The boards also tentatively decided that the FVPL category would be the residual category. That is, the business models that result in subsequent measurement at amortized cost and FVOCI would be defined categories.

Further, the boards “tentatively decided to clarify the application guidance for the FVPL measurement category, specifically that:

  1. Financial instruments managed and evaluated on a fair value basis or held for trading purposes must be measured at FVPL.
  2. For financial assets that are measured at FVPL, the entity makes decisions based on changes in — and with the objective of realizing — the assets’ fair value.”

The IASB tentatively decided to clarify that the activities the entity performs for financial instruments measured at FVPL focus primarily on fair value information. In addition, key management personnel and financial statement users make decisions and assess the entity’s performance on the basis of that information.

The boards also tentatively clarified that an entity achieves its business model objectives for the FVOCI category by both collecting contractual cash flows and selling to realize changes in fair value.

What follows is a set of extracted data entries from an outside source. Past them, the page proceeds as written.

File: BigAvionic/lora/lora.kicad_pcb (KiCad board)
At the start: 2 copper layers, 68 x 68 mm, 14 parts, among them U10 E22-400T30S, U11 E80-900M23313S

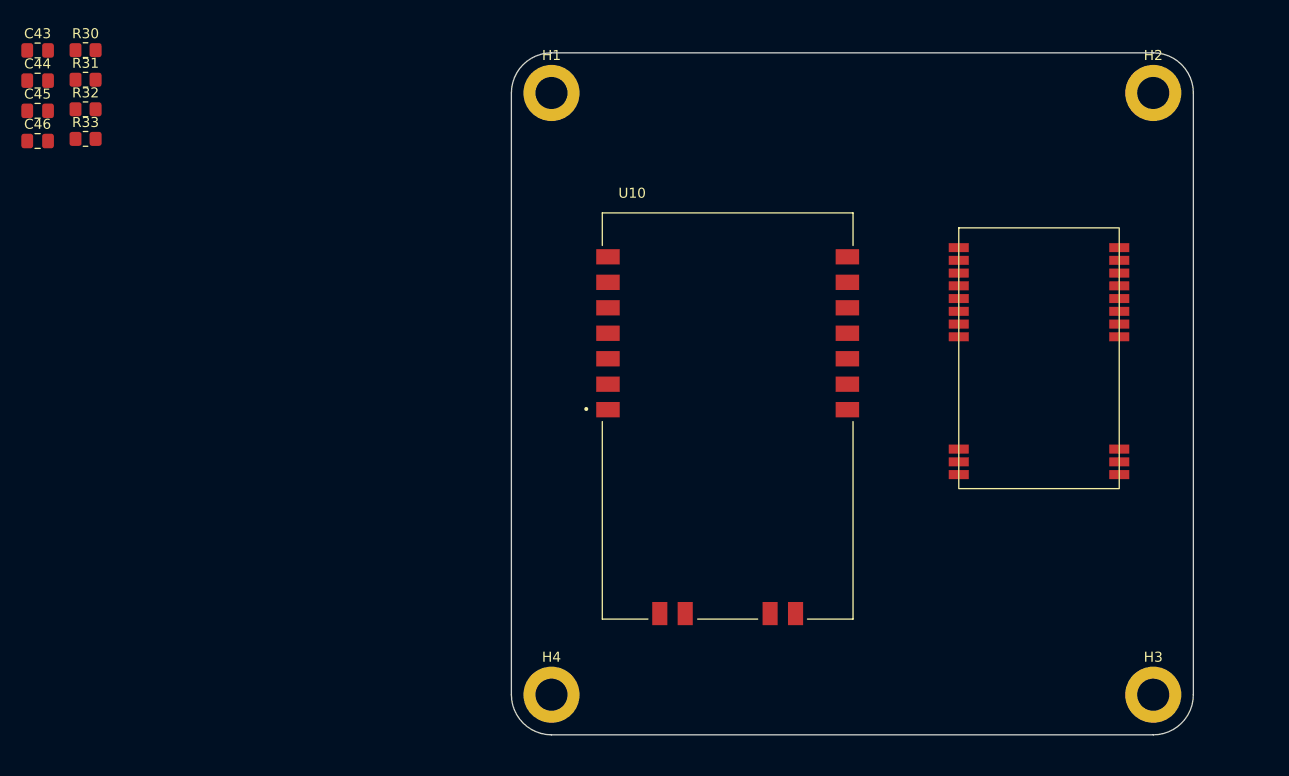
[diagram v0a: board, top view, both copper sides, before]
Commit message: finish lora layer
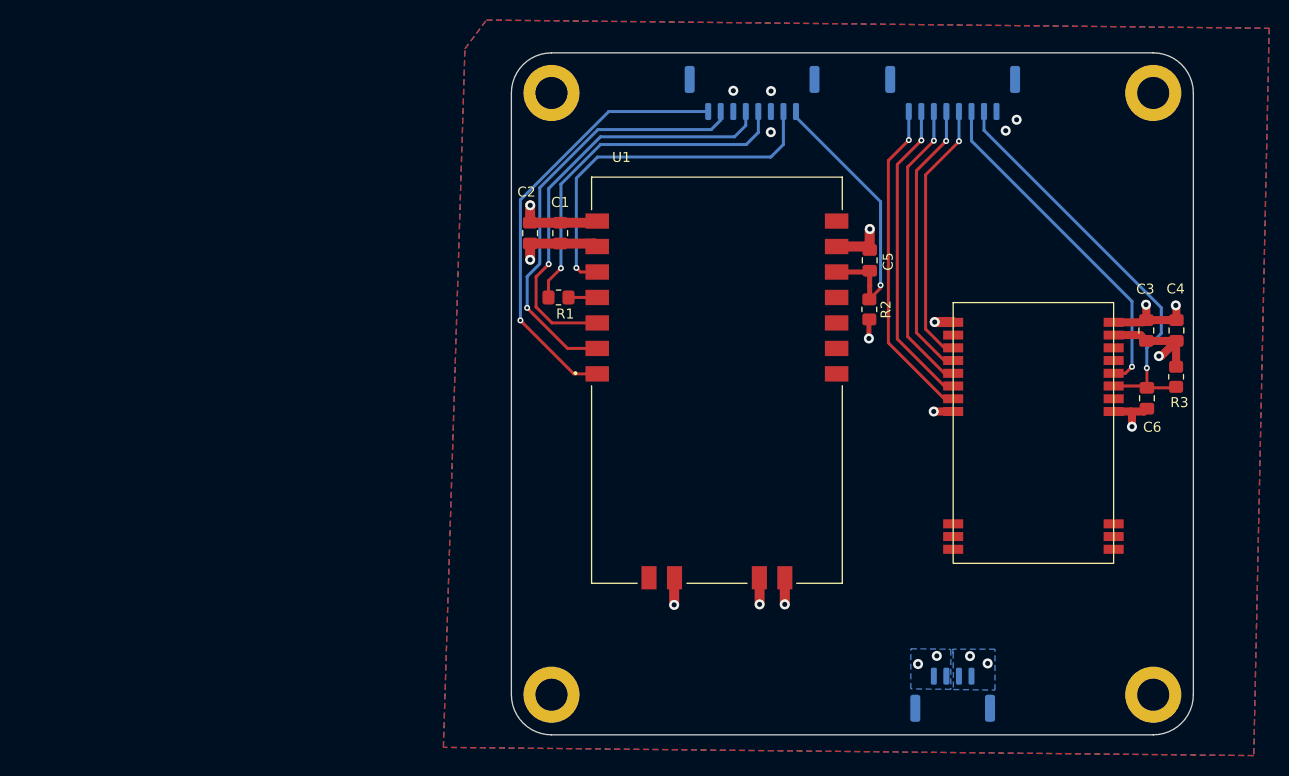
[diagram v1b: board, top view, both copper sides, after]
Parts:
- removed R30: 22ohm, Resistor_SMD:R_0805_2012Metric_Pad1.20x1.40mm_HandSolder
- added C5: 100n, Capacitor_SMD:C_0805_2012Metric_Pad1.18x1.45mm_HandSolder, F.Cu at (155.0, 77.9)
- added C6: 100n, Capacitor_SMD:C_0805_2012Metric_Pad1.18x1.45mm_HandSolder, F.Cu at (182.6, 91.6)
- added J1: Conn_01x04, Connector_JST:JST_GH_SM04B-GHS-TB_1x04-1MP_P1.25mm_Horizontal, B.Cu at (163.2, 121.2)
- added J2: Conn_01x08, Connector_JST:JST_GH_SM08B-GHS-TB_1x08-1MP_P1.25mm_Horizontal, B.Cu at (143.2, 61.2)
- added J3: Conn_01x08, Connector_JST:JST_GH_SM08B-GHS-TB_1x08-1MP_P1.25mm_Horizontal, B.Cu at (163.2, 61.2)
- moved C4 115.1 mm to (185.6, 84.9), turned to 90 degrees
- moved C3 112.7 mm to (182.6, 84.9), turned to 90 degrees
- moved R3 111.3 mm to (185.5, 89.5), turned to 90 degrees
- moved R2 80.7 mm to (154.9, 82.8), turned to -90 degrees
- moved C1 55.2 mm to (124.1, 75.2), turned to 90 degrees
- moved R1 51.9 mm to (123.9, 81.6), turned to 180 degrees
- moved C2 51.4 mm to (121.1, 75.2), turned to 90 degrees
- moved U2 7.47 mm to (171.3, 95.1)
- moved U1 3.73 mm to (139.7, 89.8)
- renumbered C43 to C1, C44 to C2, C45 to C3, C46 to C4, R31 to R1, R32 to R2, R33 to R3, U10 to U1, U11 to U2
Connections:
- U1 pad 5: Net-(U10-RXD) -> UART3_TX
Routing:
- net LORA433_M0: track 0.00 -> 44.6 mm, vias 0 -> 1
- net LORA433_M1: track 0.00 -> 43.2 mm, vias 0 -> 1
- net UART3_TX: track 0.00 -> 42.7 mm, vias 0 -> 1
- net GND: track 0.00 -> 42.3 mm, vias 0 -> 17
- net LORA920_RST: track 0.00 -> 41.8 mm, vias 0 -> 1
- net LORA433_BUSY: track 0.00 -> 36.3 mm, vias 0 -> 1
- net UART3_RX: track 0.00 -> 35.7 mm, vias 0 -> 1
- net LORA920_INT: track 0.00 -> 34.2 mm, vias 0 -> 1
- net LORA920_BUSY: track 0.00 -> 32.7 mm, vias 0 -> 1
- net CSB_LORA920: track 0.00 -> 31.2 mm, vias 0 -> 1
- net SPI3_SCK: track 0.00 -> 29.6 mm, vias 0 -> 1
- net LORA433_RST: track 0.00 -> 29.0 mm, vias 0 -> 1
- net SPI3_MOSI: track 0.00 -> 28.1 mm, vias 0 -> 1
- net SPI3_MISO: track 0.00 -> 26.6 mm, vias 0 -> 1
- net +3.3V: track 0.00 -> 22.0 mm, vias 0 -> 5
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- added copper zone on B.Cu, net +3.3V
- added copper zone on In2.Cu, net +3.3V
- added copper zone on B.Cu, net GND
- added copper zone on F.Cu, net GND
- added copper zone on In1.Cu, net GND
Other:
- copper layers 2 -> 4

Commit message: finish lora & top
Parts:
- added 3V3: TestPoint, TestPoint:TestPoint_Pad_D1.0mm, F.Cu at (166.0, 113.9)
- added D1: RED_LED, LED_SMD:LED_0805_2012Metric_Pad1.15x1.40mm_HandSolder, F.Cu at (175.2, 117.2)
- added GND1: TestPoint, TestPoint:TestPoint_Pad_D1.0mm, F.Cu at (161.3, 113.9)
- added R4: 1k, Resistor_SMD:R_0805_2012Metric_Pad1.20x1.40mm_HandSolder, F.Cu at (170.7, 117.2)
- renumbered C5 to C3, C3 to C4, C4 to C5
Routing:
- net +3.3V: track 22.0 -> 29.3 mm
- net GND: track 42.3 -> 45.9 mm, vias 17 -> 240
- net Net-(D1-A): track 0.00 -> 2.48 mm

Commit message: power layer finished
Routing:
- net GND: track 45.9 -> 42.9 mm
- net +3.3V: vias 5 -> 6

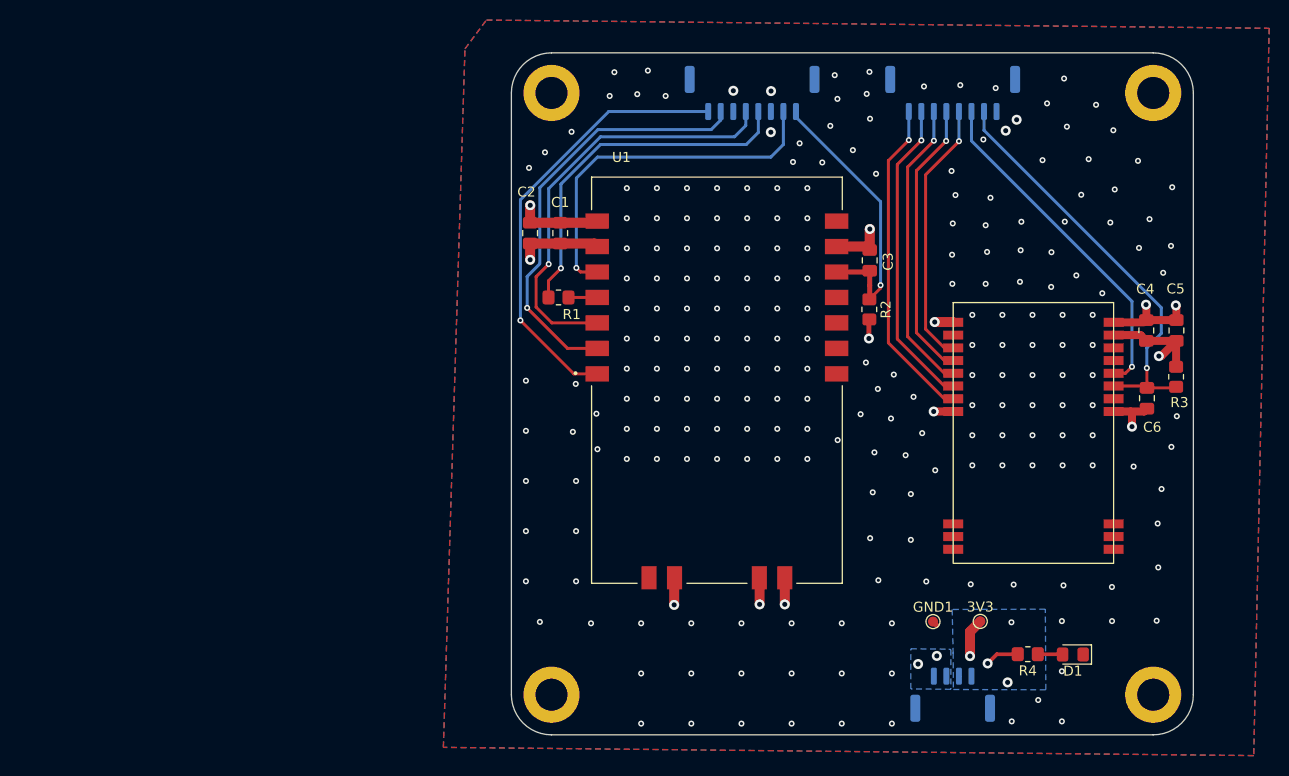
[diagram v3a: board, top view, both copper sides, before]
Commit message: check lora top power generate garber
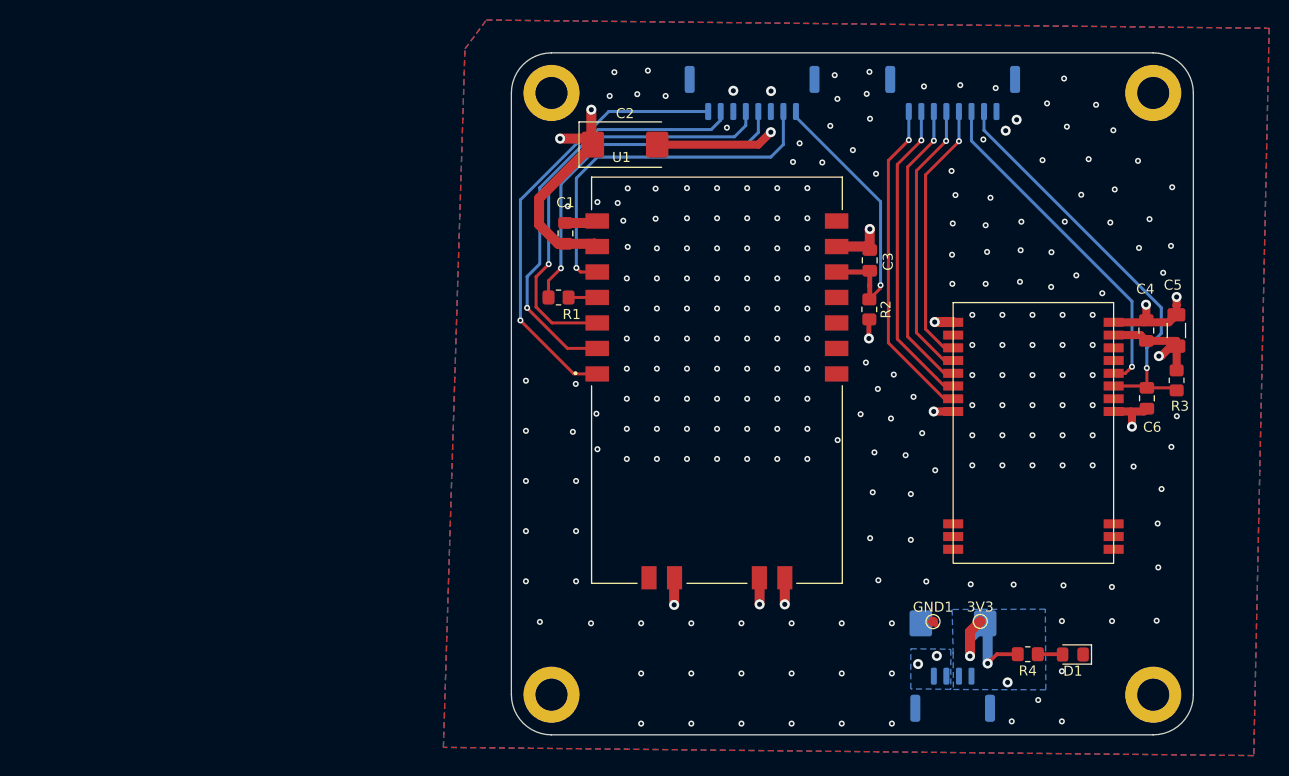
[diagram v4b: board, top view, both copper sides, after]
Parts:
- added C7: 470u, Capacitor_Tantalum_SMD:CP_EIA-7343-43_Kemet-X_HandSolder, B.Cu at (163.3, 114.1)
- C2: footprint Capacitor_SMD:C_0805_2012Metric_Pad1.18x1.45mm_HandSolder -> Capacitor_Tantalum_SMD:CP_EIA-7343-31_Kemet-D_HandSolder
- C5: footprint Capacitor_SMD:C_0805_2012Metric_Pad1.18x1.45mm_HandSolder -> Capacitor_SMD:C_1206_3216Metric_Pad1.33x1.80mm_HandSolder
- moved C2 12.9 mm to (130.6, 66.3), turned to 0 degrees
- moved C1 0.52 mm to (124.6, 75.2)
- moved R3 0.36 mm to (185.6, 89.9)
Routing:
- net +3.3V: track 29.3 -> 53.6 mm, vias 6 -> 7
- net GND: track 42.9 -> 49.4 mm, vias 240 -> 239

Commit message: MCU process
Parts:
- moved D1 20.6 mm to (154.9, 120.8), turned to 90 degrees
- moved R4 15.9 mm to (154.9, 115.2), turned to 90 degrees
- moved 3V3 10.1 mm to (156.2, 111.6)
- moved GND1 9.48 mm to (170.7, 113.1)
- turned C7 to 180 degrees
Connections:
- J1 pad 1: +3.3V -> GND
- J1 pad 2: +3.3V -> GND
- J1 pad 3: GND -> +3.3V
- J1 pad 4: GND -> +3.3V
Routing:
- net +3.3V: track 53.6 -> 43.5 mm, vias 7 -> 8
- net GND: track 49.4 -> 56.9 mm, vias 239 -> 240
- net Net-(D1-A): track 2.48 -> 3.55 mm
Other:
- board text added: "LORA Layer v1"
- board text added: "S_L433"
- board text added: "S_L920"

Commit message: MCU layer progress 1
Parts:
- added D2: TVS, Diode_SMD:D_SMA, B.Cu at (153.6, 117.2)

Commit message: version for v1 production
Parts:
- added G***: LOGO, Lib:LOGO-10*12.1, F.Cu at (165.2, 75.1)
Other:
- board text added: "3V3"
- board text added: "GND"
- board text added: "NCKU Ius Bubulae Avionics v1.0 Tony"

That is, both holding to collect and selling are outcomes (rather than the objective itself) that are integral to the performance of a hold-to-collect-and-sell business model Objectives for the hold-to-collect-and-sell business model could include liquidity management, interest rate risk management, yield management, and duration mismatch management. In addition, the IASB tentatively decided to clarify that contractual interest yield, impairment charges, and fair value changes are key performance indicators for financial assets under the hold-to-collect-and-sell business model.

Next Steps

At a future meeting, the boards will discuss certain aspects related to the SPPI3 test that was initially discussed at the September 18, 2013, meeting. In addition, the FASB will consider whether to retain the SPPI test or pursue a different approach. The boards will also consider any other related matters pertaining to this project at a later date. The IASB plans to substantially complete its redeliberations by the end of 2013, while the FASB plans to complete its redeliberations early next year.


1 In November 2012, the IASB proposed limited amendments to the guidance in IFRS 9, Financial Instruments, on the classification and measurement of financial assets and financial liabilities (see IASB Exposure Draft, Classification and Measurement: Limited Amendments to IFRS 9 — proposed amendments to IFRS 9 (2010)). In February 2013, the FASB issued a proposed ASU, Recognition and Measurement of Financial Assets and Financial Liabilities, containing a comprehensive model for the classification and measurement of financial assets and financial liabilities. The FASB’s intention in issuing this proposal was to converge its guidance on this topic with that in the IASB’s proposed amendments.

2 Quoted content is from the FASB’s Summary of Board Decisions for its November 20, 2013, videoconference meeting with the IASB.

3 Solely payments of principal and interest.